She spent two years in a children’s home, where the police sent her after she called them herself, and before that, she spent six years alone with her mom in a two-story house on the other side of town where nothing was thrown away after her dad left, not even bread ties. Those were kept in a marble box smooth as a river rock on the dresser that no longer held any chinos. The kitchen drawers were stuffed with glossy half-sheet circulars that foamed up like tides with offers for 2-for-1 jars of tomato puree, free fries with every kebab, 10% off a blowout, €200 off a rhinoplasty, we buy gold, we buy cars, we buy books, let your house smell like roast dinner and not wet dog this Christmas. The oven was unusable, full as it was with old receipts. The microwave stored empty packs of gum and chicken bouillon.

In her new apartment, it doesn’t bother her, what the people in her building carelessly toss and let tumble from their windows onto her ground-floor terrace: pastel plastic laundry clips, dog-chewed tennis balls, union pins, paper towel rolls, empty packs of cigarettes plastered with pictures of preemie babies curled under breathing tubes, cigarette butts, cigarette butts, cigarette butts.

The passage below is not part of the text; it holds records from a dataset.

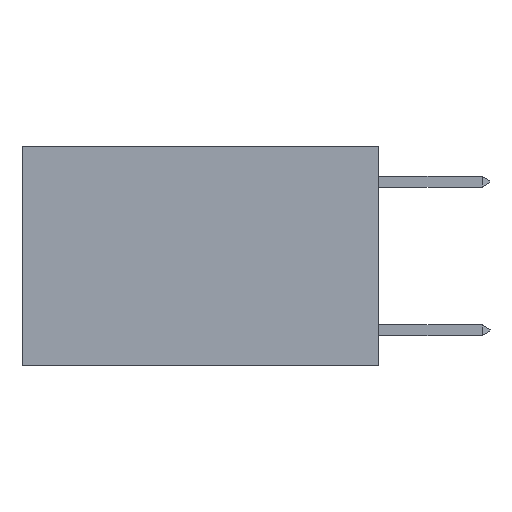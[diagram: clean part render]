
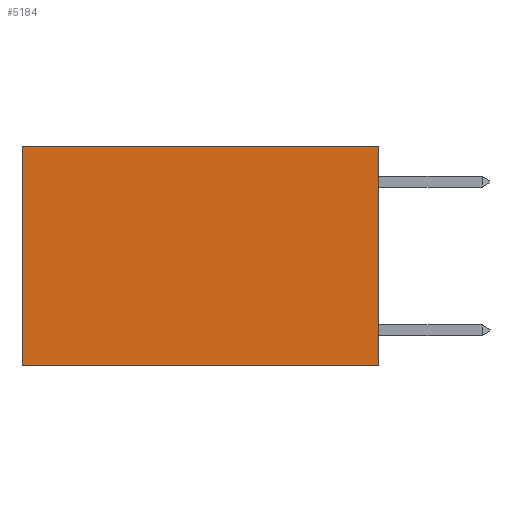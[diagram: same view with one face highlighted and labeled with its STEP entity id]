
A CAD part, left-side view. The second image highlights one B-rep face of the part: STEP entity #5184.
In plain terms, the highlighted planar face has unit normal (-1, 0, 0).
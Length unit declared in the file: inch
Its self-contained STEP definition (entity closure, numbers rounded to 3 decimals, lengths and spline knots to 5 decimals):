
#92 = VERTEX_POINT ( 'NONE', #6312 ) ;
#322 = LINE ( 'NONE', #9951, #6182 ) ;
#350 = ORIENTED_EDGE ( 'NONE', *, *, #5088, .T. ) ;
#899 = ORIENTED_EDGE ( 'NONE', *, *, #11003, .T. ) ;
#956 = CARTESIAN_POINT ( 'NONE',  ( 0.2625, 0.6, 0. ) ) ;
#991 = DIRECTION ( 'NONE',  ( 1., 0., 0. ) ) ;
#2008 = DIRECTION ( 'NONE',  ( 0., 1., 0. ) ) ;
#2420 = CARTESIAN_POINT ( 'NONE',  ( 0.2625, 0., 0. ) ) ;
#2772 = ORIENTED_EDGE ( 'NONE', *, *, #11655, .F. ) ;
#3337 = EDGE_LOOP ( 'NONE', ( #899, #5427, #2772, #350 ) ) ;
#3372 = LINE ( 'NONE', #13720, #9442 ) ;
#3978 = DIRECTION ( 'NONE',  ( 0., 1., 0. ) ) ;
#4072 = VERTEX_POINT ( 'NONE', #10397 ) ;
#4204 = CARTESIAN_POINT ( 'NONE',  ( 0.2625, 0., 0. ) ) ;
#4583 = FACE_OUTER_BOUND ( 'NONE', #3337, .T. ) ;
#4806 = DIRECTION ( 'NONE',  ( 0., 0., -1. ) ) ;
#5088 = EDGE_CURVE ( 'NONE', #14427, #8603, #3372, .T. ) ;
#5184 = ADVANCED_FACE ( 'NONE', ( #4583 ), #11352, .F. ) ;
#5303 = EDGE_CURVE ( 'NONE', #92, #4072, #11128, .T. ) ;
#5427 = ORIENTED_EDGE ( 'NONE', *, *, #5303, .F. ) ;
#5635 = VECTOR ( 'NONE', #15356, 39.37008 ) ;
#6182 = VECTOR ( 'NONE', #4806, 39.37008 ) ;
#6312 = CARTESIAN_POINT ( 'NONE',  ( 0.2625, 0., -0.37 ) ) ;
#8603 = VERTEX_POINT ( 'NONE', #956 ) ;
#9118 = CARTESIAN_POINT ( 'NONE',  ( 0.2625, 0., -0.37 ) ) ;
#9442 = VECTOR ( 'NONE', #2008, 39.37008 ) ;
#9951 = CARTESIAN_POINT ( 'NONE',  ( 0.2625, 0., 0. ) ) ;
#10334 = AXIS2_PLACEMENT_3D ( 'NONE', #2420, #991, #15476 ) ;
#10397 = CARTESIAN_POINT ( 'NONE',  ( 0.2625, 0.6, -0.37 ) ) ;
#11003 = EDGE_CURVE ( 'NONE', #8603, #4072, #15669, .T. ) ;
#11128 = LINE ( 'NONE', #9118, #14233 ) ;
#11352 = PLANE ( 'NONE',  #10334 ) ;
#11655 = EDGE_CURVE ( 'NONE', #14427, #92, #322, .T. ) ;
#13720 = CARTESIAN_POINT ( 'NONE',  ( 0.2625, 0., 0. ) ) ;
#14233 = VECTOR ( 'NONE', #3978, 39.37008 ) ;
#14427 = VERTEX_POINT ( 'NONE', #4204 ) ;
#15356 = DIRECTION ( 'NONE',  ( 0., 0., -1. ) ) ;
#15476 = DIRECTION ( 'NONE',  ( 0., 0., -1. ) ) ;
#15669 = LINE ( 'NONE', #16728, #5635 ) ;
#16728 = CARTESIAN_POINT ( 'NONE',  ( 0.2625, 0.6, 0. ) ) ;

She sweeps them up and throws them out.

  1. After Milagros gets a condolence call from the Spanish navy

She pulls a blouse from a cedar shelf on the pantry-turned-closet and drops it out her kitchen window. She drops tweed capes, square-necked blouses, linen suits, delicate veils, tassel-trimmed skirts, batiked shirts, silk crepe de chine pajamas printed with peacocks, fur coats and stoles. She drops thick wool jumpers and delicate paisley robes. She drops a falling fur and doesn’t see it smack the girl who lives on the ground floor right across the face.

  1. Now in the elevator

Nico’s arms are full of her neighbor’s dropped clothes. She feels trapped. She leans her forehead against the cool mirrored wall. She’s never understood the relationship people have to their things. It’s clear to her: keep what’s precious, cull what’s not.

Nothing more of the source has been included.